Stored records
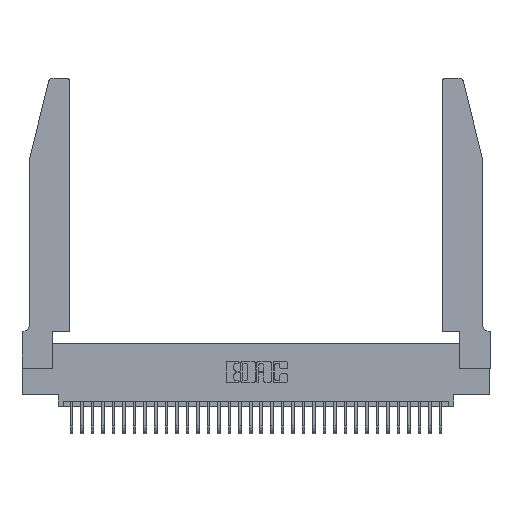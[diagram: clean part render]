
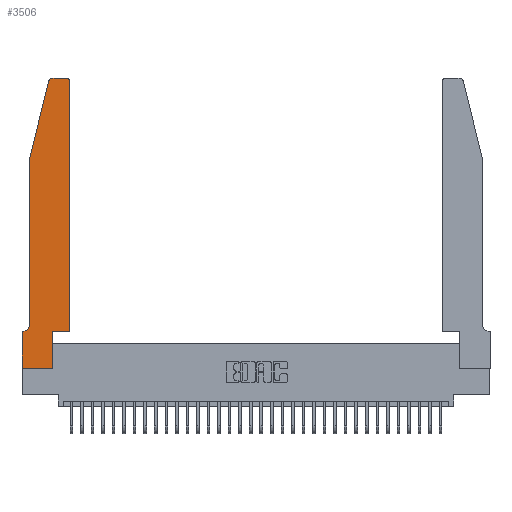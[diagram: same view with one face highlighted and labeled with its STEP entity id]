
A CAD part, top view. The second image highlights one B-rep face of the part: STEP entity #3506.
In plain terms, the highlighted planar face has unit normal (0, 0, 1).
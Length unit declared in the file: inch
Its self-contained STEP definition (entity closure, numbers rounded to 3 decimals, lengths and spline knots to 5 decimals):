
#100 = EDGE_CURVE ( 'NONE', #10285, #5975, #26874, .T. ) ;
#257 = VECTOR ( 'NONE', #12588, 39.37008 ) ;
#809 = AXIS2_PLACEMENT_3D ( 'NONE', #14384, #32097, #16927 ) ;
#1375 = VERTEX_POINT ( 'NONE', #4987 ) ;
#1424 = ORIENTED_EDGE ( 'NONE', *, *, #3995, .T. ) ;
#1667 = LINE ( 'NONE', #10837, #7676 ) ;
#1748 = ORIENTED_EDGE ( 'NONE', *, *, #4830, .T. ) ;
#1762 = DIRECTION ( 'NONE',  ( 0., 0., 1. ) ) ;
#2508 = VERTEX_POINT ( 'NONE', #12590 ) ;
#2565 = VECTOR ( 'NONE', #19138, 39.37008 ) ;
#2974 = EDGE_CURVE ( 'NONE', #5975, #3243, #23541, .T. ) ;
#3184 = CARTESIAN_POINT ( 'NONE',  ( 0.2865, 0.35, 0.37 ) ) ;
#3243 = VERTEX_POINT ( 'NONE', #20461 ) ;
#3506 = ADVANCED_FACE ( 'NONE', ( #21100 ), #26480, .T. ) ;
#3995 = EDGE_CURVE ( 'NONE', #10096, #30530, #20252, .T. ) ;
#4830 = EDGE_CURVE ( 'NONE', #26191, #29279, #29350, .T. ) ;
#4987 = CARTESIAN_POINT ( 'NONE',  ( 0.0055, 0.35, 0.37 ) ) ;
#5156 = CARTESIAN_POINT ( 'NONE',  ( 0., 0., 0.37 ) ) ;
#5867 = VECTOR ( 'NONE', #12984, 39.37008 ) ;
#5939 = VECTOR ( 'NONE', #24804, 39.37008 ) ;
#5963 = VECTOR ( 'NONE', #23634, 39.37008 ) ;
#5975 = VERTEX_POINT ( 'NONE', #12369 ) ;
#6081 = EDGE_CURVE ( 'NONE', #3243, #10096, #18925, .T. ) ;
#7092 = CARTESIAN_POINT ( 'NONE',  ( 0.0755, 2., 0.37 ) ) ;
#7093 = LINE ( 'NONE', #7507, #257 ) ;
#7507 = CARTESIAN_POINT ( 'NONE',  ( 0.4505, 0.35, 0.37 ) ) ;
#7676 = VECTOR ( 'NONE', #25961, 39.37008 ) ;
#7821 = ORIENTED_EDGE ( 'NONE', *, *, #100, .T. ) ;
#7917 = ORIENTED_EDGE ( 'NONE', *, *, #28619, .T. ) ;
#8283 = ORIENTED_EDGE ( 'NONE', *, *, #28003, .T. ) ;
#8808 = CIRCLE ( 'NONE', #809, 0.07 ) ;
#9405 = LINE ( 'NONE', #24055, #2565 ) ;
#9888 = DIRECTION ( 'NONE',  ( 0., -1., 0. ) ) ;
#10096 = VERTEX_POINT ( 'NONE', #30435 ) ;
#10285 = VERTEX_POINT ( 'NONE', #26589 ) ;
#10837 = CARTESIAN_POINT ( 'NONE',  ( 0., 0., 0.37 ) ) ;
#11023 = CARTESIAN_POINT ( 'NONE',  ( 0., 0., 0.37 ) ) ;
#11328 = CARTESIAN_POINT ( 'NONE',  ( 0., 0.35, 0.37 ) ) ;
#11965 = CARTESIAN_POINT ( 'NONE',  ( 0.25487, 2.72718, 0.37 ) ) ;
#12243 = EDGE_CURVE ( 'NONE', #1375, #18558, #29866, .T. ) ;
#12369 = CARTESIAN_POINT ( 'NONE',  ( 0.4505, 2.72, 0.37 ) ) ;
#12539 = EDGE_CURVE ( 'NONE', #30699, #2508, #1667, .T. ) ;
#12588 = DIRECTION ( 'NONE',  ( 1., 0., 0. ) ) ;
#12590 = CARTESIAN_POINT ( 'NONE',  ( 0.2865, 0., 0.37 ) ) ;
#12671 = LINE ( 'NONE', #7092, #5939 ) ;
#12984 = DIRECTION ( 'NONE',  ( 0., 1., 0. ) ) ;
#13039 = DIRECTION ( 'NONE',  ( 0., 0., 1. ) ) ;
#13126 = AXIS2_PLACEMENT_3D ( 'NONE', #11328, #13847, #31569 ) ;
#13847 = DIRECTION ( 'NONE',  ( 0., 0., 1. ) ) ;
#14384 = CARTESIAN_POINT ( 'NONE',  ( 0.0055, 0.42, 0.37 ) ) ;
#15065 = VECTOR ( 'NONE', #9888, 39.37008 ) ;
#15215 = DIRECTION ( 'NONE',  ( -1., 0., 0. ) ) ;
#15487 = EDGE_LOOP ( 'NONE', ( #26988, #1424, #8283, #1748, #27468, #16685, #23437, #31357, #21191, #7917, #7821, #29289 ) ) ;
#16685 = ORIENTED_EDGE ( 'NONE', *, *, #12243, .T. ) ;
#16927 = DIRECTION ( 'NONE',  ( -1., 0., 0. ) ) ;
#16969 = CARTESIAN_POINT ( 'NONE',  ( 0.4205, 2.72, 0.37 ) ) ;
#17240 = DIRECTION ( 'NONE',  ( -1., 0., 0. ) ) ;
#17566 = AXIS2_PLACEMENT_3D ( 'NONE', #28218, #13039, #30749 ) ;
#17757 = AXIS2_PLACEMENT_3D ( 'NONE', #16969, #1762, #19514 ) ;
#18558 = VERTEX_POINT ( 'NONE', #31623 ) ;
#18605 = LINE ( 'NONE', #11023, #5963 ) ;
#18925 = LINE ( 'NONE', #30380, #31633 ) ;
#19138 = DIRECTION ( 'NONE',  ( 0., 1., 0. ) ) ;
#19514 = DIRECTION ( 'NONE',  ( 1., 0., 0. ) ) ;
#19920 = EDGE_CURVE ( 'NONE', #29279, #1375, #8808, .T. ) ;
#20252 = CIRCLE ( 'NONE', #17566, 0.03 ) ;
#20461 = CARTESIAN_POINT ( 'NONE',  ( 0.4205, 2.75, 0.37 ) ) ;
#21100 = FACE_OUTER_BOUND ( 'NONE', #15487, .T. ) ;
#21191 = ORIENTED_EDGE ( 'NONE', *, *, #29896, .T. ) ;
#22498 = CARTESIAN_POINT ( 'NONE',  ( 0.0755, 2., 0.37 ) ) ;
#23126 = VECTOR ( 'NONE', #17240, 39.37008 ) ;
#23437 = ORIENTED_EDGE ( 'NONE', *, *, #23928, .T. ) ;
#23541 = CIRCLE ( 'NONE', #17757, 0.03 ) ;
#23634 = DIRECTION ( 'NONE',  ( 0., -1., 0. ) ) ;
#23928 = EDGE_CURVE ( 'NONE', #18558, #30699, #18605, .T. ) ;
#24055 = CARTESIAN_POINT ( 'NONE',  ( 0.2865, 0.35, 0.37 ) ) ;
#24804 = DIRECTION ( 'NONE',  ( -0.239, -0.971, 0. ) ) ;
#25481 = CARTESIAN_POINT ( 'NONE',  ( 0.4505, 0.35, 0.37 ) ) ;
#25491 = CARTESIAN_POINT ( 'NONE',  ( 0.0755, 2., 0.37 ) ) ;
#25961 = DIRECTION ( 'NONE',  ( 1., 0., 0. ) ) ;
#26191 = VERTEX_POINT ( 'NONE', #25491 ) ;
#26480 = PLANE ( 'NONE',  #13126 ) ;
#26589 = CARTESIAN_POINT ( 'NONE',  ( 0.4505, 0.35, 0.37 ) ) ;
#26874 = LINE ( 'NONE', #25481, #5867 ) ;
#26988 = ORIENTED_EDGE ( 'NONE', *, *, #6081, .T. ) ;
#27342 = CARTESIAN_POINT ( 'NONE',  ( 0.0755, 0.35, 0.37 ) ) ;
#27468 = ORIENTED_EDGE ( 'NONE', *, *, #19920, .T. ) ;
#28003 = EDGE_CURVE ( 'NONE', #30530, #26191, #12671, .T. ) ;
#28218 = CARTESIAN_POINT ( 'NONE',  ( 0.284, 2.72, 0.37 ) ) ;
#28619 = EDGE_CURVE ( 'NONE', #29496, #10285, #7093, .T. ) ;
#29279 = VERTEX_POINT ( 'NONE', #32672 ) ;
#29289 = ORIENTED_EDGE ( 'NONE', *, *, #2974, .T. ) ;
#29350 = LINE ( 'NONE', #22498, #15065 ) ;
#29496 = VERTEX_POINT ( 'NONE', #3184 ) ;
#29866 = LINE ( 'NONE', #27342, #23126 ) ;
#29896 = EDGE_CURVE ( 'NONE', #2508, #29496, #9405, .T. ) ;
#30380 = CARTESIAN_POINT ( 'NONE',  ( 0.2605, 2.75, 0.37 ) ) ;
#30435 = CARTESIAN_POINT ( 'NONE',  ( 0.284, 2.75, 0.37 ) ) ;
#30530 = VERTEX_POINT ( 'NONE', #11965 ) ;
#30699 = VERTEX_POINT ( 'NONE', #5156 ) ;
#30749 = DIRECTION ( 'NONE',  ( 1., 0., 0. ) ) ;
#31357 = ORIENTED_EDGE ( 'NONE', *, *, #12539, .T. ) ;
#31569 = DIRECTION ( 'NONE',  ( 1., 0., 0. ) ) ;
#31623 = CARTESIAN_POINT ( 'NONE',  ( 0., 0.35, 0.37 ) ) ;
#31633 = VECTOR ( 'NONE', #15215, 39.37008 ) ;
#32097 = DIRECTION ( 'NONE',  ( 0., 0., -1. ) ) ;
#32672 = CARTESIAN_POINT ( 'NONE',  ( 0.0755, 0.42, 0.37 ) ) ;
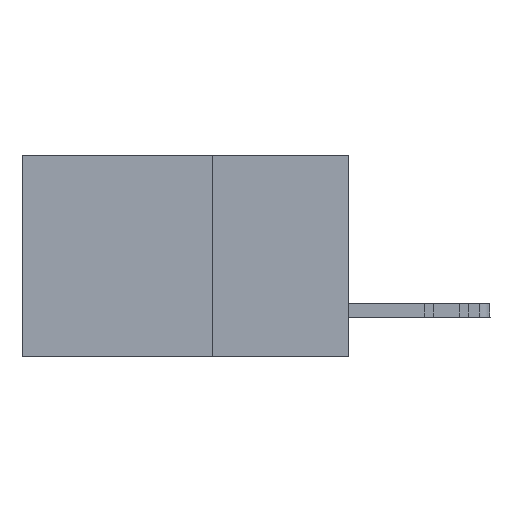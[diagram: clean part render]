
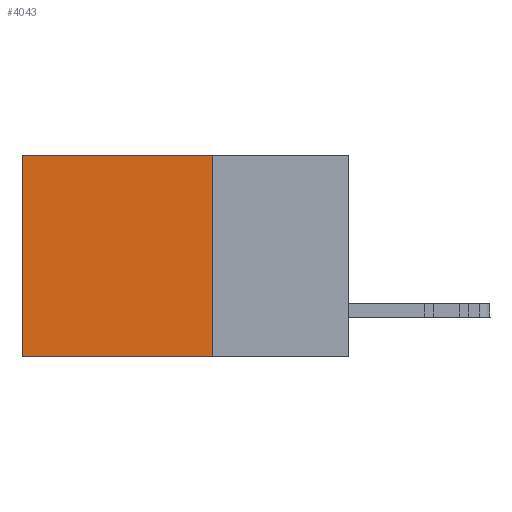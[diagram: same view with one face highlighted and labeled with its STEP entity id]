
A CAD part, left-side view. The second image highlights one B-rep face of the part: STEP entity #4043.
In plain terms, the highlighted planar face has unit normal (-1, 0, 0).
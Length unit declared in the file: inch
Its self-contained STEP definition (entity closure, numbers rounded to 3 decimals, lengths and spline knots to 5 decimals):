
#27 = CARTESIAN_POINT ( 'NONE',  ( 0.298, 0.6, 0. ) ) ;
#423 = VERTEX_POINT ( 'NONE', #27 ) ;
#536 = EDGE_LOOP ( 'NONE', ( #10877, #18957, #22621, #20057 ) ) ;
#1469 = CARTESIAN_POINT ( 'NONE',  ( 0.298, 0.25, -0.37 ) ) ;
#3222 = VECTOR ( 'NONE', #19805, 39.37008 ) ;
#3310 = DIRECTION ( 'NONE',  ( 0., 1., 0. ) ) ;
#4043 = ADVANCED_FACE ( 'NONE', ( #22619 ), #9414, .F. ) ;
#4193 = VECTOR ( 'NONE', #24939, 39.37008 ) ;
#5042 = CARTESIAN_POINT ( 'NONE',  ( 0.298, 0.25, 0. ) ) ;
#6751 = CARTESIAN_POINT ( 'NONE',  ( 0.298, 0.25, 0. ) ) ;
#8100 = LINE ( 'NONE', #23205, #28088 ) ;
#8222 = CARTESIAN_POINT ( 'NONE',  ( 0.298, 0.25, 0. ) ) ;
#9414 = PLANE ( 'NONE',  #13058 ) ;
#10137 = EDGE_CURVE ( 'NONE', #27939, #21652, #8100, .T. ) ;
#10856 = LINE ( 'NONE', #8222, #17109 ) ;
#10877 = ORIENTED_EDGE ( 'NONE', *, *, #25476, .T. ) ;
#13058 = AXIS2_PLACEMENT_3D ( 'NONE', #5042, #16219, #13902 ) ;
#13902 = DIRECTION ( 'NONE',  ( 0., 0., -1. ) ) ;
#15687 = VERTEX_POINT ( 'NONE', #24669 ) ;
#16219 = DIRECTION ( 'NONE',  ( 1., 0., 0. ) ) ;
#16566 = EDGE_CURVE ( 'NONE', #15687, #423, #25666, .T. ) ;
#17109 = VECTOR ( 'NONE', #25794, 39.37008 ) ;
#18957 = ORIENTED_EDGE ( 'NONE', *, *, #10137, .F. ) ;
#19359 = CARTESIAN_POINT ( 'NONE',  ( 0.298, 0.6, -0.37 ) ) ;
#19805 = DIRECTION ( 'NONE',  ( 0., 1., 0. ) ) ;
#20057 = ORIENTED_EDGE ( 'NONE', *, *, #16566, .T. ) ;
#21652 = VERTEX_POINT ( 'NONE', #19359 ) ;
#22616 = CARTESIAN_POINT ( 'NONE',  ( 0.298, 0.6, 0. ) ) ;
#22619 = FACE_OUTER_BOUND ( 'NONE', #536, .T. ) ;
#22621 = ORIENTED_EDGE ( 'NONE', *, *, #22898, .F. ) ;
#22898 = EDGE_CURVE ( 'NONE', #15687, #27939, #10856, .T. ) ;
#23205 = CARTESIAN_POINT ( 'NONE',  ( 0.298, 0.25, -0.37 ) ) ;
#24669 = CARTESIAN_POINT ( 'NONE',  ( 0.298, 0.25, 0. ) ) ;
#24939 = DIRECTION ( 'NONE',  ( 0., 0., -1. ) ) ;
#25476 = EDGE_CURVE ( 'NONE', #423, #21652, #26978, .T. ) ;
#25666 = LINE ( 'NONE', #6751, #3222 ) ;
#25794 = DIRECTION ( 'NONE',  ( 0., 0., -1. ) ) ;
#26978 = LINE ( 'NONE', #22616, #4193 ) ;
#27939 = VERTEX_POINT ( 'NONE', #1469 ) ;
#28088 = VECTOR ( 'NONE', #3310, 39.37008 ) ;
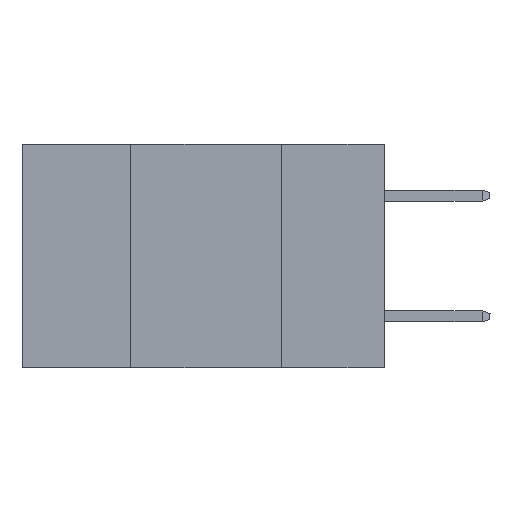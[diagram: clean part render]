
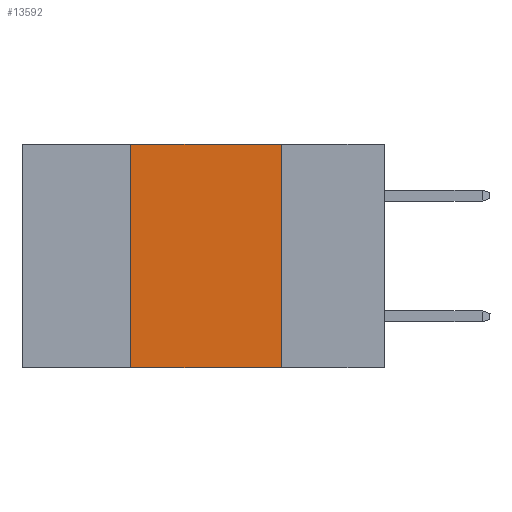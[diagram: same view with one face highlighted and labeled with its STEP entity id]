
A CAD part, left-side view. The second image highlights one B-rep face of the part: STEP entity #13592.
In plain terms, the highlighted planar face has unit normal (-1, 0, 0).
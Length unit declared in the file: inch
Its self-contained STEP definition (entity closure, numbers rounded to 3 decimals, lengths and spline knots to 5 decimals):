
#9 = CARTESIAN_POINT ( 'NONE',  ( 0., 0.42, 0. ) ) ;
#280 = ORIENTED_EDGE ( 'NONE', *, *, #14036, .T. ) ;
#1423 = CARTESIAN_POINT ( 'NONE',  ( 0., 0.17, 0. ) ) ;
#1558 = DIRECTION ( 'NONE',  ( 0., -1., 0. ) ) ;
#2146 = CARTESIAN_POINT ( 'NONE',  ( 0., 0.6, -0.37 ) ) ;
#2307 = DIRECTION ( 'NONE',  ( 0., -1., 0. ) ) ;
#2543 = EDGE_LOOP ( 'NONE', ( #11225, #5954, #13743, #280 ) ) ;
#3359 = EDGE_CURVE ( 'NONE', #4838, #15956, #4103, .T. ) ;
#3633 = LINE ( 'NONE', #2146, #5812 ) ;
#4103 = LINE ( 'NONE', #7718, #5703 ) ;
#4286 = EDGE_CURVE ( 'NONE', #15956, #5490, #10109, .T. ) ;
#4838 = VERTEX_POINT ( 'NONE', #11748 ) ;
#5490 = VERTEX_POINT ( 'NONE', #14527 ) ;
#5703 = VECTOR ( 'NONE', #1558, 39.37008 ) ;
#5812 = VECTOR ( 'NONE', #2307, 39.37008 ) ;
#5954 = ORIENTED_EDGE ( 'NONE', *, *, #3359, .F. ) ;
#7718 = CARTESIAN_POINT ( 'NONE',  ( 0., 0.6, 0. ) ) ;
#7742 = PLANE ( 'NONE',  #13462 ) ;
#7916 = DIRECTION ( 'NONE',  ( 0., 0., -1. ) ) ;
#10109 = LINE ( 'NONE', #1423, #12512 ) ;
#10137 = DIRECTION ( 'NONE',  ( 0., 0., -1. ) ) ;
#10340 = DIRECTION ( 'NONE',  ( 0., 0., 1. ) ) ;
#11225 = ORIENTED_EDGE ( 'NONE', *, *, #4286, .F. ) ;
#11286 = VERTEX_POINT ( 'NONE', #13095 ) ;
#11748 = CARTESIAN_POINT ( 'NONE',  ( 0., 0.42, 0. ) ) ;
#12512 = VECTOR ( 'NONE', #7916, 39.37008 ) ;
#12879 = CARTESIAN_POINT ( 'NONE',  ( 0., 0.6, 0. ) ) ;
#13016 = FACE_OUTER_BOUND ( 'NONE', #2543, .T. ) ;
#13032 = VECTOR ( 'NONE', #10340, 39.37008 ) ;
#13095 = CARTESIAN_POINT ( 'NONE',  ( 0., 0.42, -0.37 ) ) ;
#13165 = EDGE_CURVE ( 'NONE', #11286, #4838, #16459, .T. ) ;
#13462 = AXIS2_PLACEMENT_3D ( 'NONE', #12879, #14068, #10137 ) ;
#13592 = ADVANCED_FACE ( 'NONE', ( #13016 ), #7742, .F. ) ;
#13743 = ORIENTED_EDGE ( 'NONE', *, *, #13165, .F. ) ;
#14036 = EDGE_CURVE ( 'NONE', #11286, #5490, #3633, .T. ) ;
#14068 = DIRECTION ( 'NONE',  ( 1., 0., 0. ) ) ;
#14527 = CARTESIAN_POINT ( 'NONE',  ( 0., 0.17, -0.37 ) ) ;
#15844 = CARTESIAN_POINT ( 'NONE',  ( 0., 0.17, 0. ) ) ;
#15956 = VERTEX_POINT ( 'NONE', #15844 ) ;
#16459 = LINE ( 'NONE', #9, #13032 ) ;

PROMPT: The line with "#100 = EDGE_CURVE" marks the end: restate word for word every line from the top of the data through that one, omitting pictures.

SOLUTION TO THE PROBLEM:
[diagram: clean part render]
[diagram: same view with one face highlighted and labeled with its STEP entity id]
A CAD part, top view. The second image highlights one B-rep face of the part: STEP entity #3506.
In plain terms, the highlighted planar face has unit normal (0, 0, 1).
Length unit declared in the file: inch
Its self-contained STEP definition (entity closure, numbers rounded to 3 decimals, lengths and spline knots to 5 decimals):
#100 = EDGE_CURVE ( 'NONE', #10285, #5975, #26874, .T. ) ;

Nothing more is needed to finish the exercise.